(What you are asked to do)
Exact copy, no pictures: return all the data below as written.

(Data)

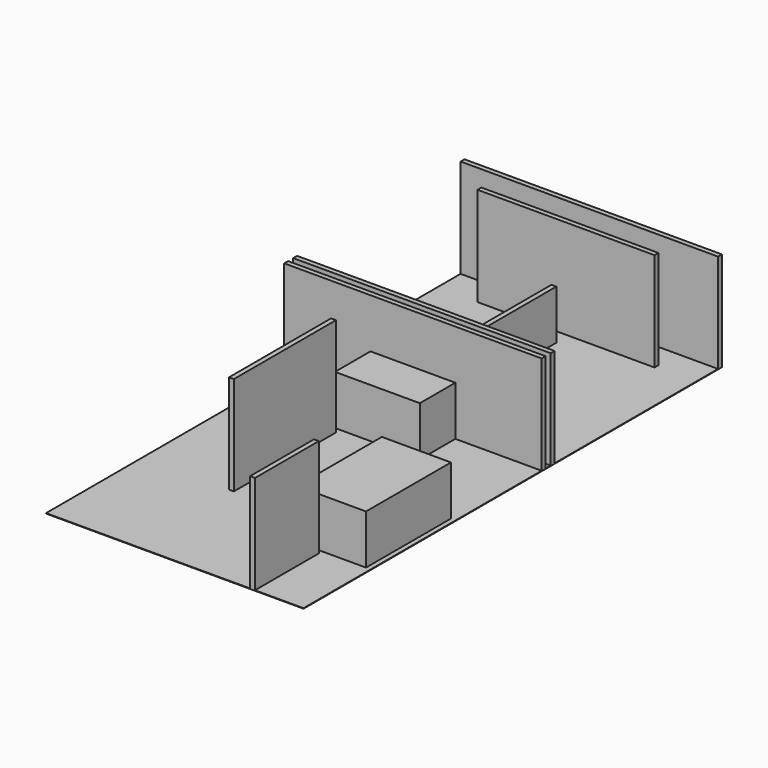
from build123d import *

# Parameters (mm, degrees)
F0_W     = 52.9098408297
F0_H     = 107.4788756669
F1_DEPTH = 0.1
F2_W     = 52.9098408297
F2_H     = 1
F3_DEPTH = 20.32
F2_W_2   = 36.3767435774
F2_W_3   = 1
F2_H_2   = 26.2354757977
F2_H_3   = 16.3882337511
F2_H_4   = 29.3569701103
F4_DEPTH = 10.16
F2_W_4   = 17.4434864894
F2_H_5   = 9.1168937506


# Not quite as in the source:
# - a feature names something its author has since deleted; it is built from what else it names
# - the program builds the solid bodies; features that only make, move or delete a surface that nothing else refers to are left out


with BuildPart() as f1:
    # F0 (on Top) → F1 (new body)
    with BuildSketch(Plane.XY):
        with Locations((-11.3378218375, -10.4160513729)):
            Rectangle(F0_W, F0_H)
    extrude(amount=F1_DEPTH)


with BuildPart() as f3:
    # F2 (on face) → F3 (new body)
    with BuildSketch(Plane.XY.offset(0.1)):
        with Locations((-11.3378218375, 42.8233864605)):
            Rectangle(F2_W, F2_H)
    extrude(amount=F3_DEPTH)


with BuildPart() as f3b:
    # F2 (on face) → F3, piece 2 (new body)
    with BuildSketch(Plane.XY.offset(0.1)):
        with Locations((-11.3378218375, 36.850056529)):
            Rectangle(F2_W_2, F2_H)
    extrude(amount=F3_DEPTH)


with BuildPart() as f3c:
    # F2 (on face) → F3, piece 3 (new body)
    with BuildSketch(Plane.XY.offset(0.1)):
        Polygon((15.1170985773, -1.9911537422), (-37.7927422523, -1.9911537422), (-37.7927422523, -2.9911537422), (-20.0595650822, -2.9911537422), (-2.6160785928, -2.9911537422), (15.1170985773, -2.9911537422), align=None)
    extrude(amount=F3_DEPTH)


with BuildPart() as f3d:
    # F2 (on face) → F3, piece 4 (new body)
    with BuildSketch(Plane.XY.offset(0.1)):
        with Locations((-19.4659615755, -26.3364540243)):
            Rectangle(F2_W_3, F2_H_2)
    extrude(amount=F3_DEPTH)


with BuildPart() as f3e:
    # F2 (on face) → F3, piece 5 (new body)
    with BuildSketch(Plane.XY.offset(0.1)):
        with Locations((4.6426873542, -55.9613723308)):
            Rectangle(F2_W_3, F2_H_3)
    extrude(amount=F3_DEPTH)


with BuildPart() as f3f:
    # F2 (on face) → F3, piece 6 (new body)
    with BuildSketch(Plane.XY.offset(0.1)):
        with Locations((-11.3378218375, -0.1677915226)):
            Rectangle(F2_W, F2_H)
    extrude(amount=F3_DEPTH)


with BuildPart() as f4:
    # F2 (on face) → F4 (new body)
    with BuildSketch(Plane.XY.offset(0.1)):
        with Locations((-11.3378218375, 18.5424766348)):
            Rectangle(F2_W_3, F2_H_4)
    extrude(amount=F4_DEPTH)


with BuildPart() as f4b:
    # F2 (on face) → F4, piece 2 (new body)
    with BuildSketch(Plane.XY.offset(0.1)):
        with Locations((-11.3378218375, -7.5496006175)):
            Rectangle(F2_W_4, F2_H_5)
    extrude(amount=F4_DEPTH)


with BuildPart() as f4c:
    # F2 (on face) → F4, piece 3 (new body)
    with BuildSketch(Plane.XY.offset(0.1)):
        Polygon((14.1368384046, -25.0625275075), (2.9698581193, -25.0625275075), (-0.0619098573, -25.0625275075), (-0.0619098573, -46.8825139105), (14.1368384046, -46.8825139105), align=None)
    extrude(amount=F4_DEPTH)


solid = Compound([f1.part, f3.part, f3b.part, f3c.part, f3d.part, f3e.part, f3f.part, f4.part, f4b.part, f4c.part])

(Output of the task)
from build123d import *

# Parameters (mm, degrees)
F0_W     = 52.9098408297
F0_H     = 107.4788756669
F1_DEPTH = 0.1
F2_W     = 52.9098408297
F2_H     = 1
F3_DEPTH = 20.32
F2_W_2   = 36.3767435774
F2_W_3   = 1
F2_H_2   = 26.2354757977
F2_H_3   = 16.3882337511
F2_H_4   = 29.3569701103
F4_DEPTH = 10.16
F2_W_4   = 17.4434864894
F2_H_5   = 9.1168937506


# Not quite as in the source:
# - a feature names something its author has since deleted; it is built from what else it names
# - the program builds the solid bodies; features that only make, move or delete a surface that nothing else refers to are left out


with BuildPart() as f1:
    # F0 (on Top) → F1 (new body)
    with BuildSketch(Plane.XY):
        with Locations((-11.3378218375, -10.4160513729)):
            Rectangle(F0_W, F0_H)
    extrude(amount=F1_DEPTH)


with BuildPart() as f3:
    # F2 (on face) → F3 (new body)
    with BuildSketch(Plane.XY.offset(0.1)):
        with Locations((-11.3378218375, 42.8233864605)):
            Rectangle(F2_W, F2_H)
    extrude(amount=F3_DEPTH)


with BuildPart() as f3b:
    # F2 (on face) → F3, piece 2 (new body)
    with BuildSketch(Plane.XY.offset(0.1)):
        with Locations((-11.3378218375, 36.850056529)):
            Rectangle(F2_W_2, F2_H)
    extrude(amount=F3_DEPTH)


with BuildPart() as f3c:
    # F2 (on face) → F3, piece 3 (new body)
    with BuildSketch(Plane.XY.offset(0.1)):
        Polygon((15.1170985773, -1.9911537422), (-37.7927422523, -1.9911537422), (-37.7927422523, -2.9911537422), (-20.0595650822, -2.9911537422), (-2.6160785928, -2.9911537422), (15.1170985773, -2.9911537422), align=None)
    extrude(amount=F3_DEPTH)


with BuildPart() as f3d:
    # F2 (on face) → F3, piece 4 (new body)
    with BuildSketch(Plane.XY.offset(0.1)):
        with Locations((-19.4659615755, -26.3364540243)):
            Rectangle(F2_W_3, F2_H_2)
    extrude(amount=F3_DEPTH)


with BuildPart() as f3e:
    # F2 (on face) → F3, piece 5 (new body)
    with BuildSketch(Plane.XY.offset(0.1)):
        with Locations((4.6426873542, -55.9613723308)):
            Rectangle(F2_W_3, F2_H_3)
    extrude(amount=F3_DEPTH)


with BuildPart() as f3f:
    # F2 (on face) → F3, piece 6 (new body)
    with BuildSketch(Plane.XY.offset(0.1)):
        with Locations((-11.3378218375, -0.1677915226)):
            Rectangle(F2_W, F2_H)
    extrude(amount=F3_DEPTH)


with BuildPart() as f4:
    # F2 (on face) → F4 (new body)
    with BuildSketch(Plane.XY.offset(0.1)):
        with Locations((-11.3378218375, 18.5424766348)):
            Rectangle(F2_W_3, F2_H_4)
    extrude(amount=F4_DEPTH)


with BuildPart() as f4b:
    # F2 (on face) → F4, piece 2 (new body)
    with BuildSketch(Plane.XY.offset(0.1)):
        with Locations((-11.3378218375, -7.5496006175)):
            Rectangle(F2_W_4, F2_H_5)
    extrude(amount=F4_DEPTH)


with BuildPart() as f4c:
    # F2 (on face) → F4, piece 3 (new body)
    with BuildSketch(Plane.XY.offset(0.1)):
        Polygon((14.1368384046, -25.0625275075), (2.9698581193, -25.0625275075), (-0.0619098573, -25.0625275075), (-0.0619098573, -46.8825139105), (14.1368384046, -46.8825139105), align=None)
    extrude(amount=F4_DEPTH)


solid = Compound([f1.part, f3.part, f3b.part, f3c.part, f3d.part, f3e.part, f3f.part, f4.part, f4b.part, f4c.part])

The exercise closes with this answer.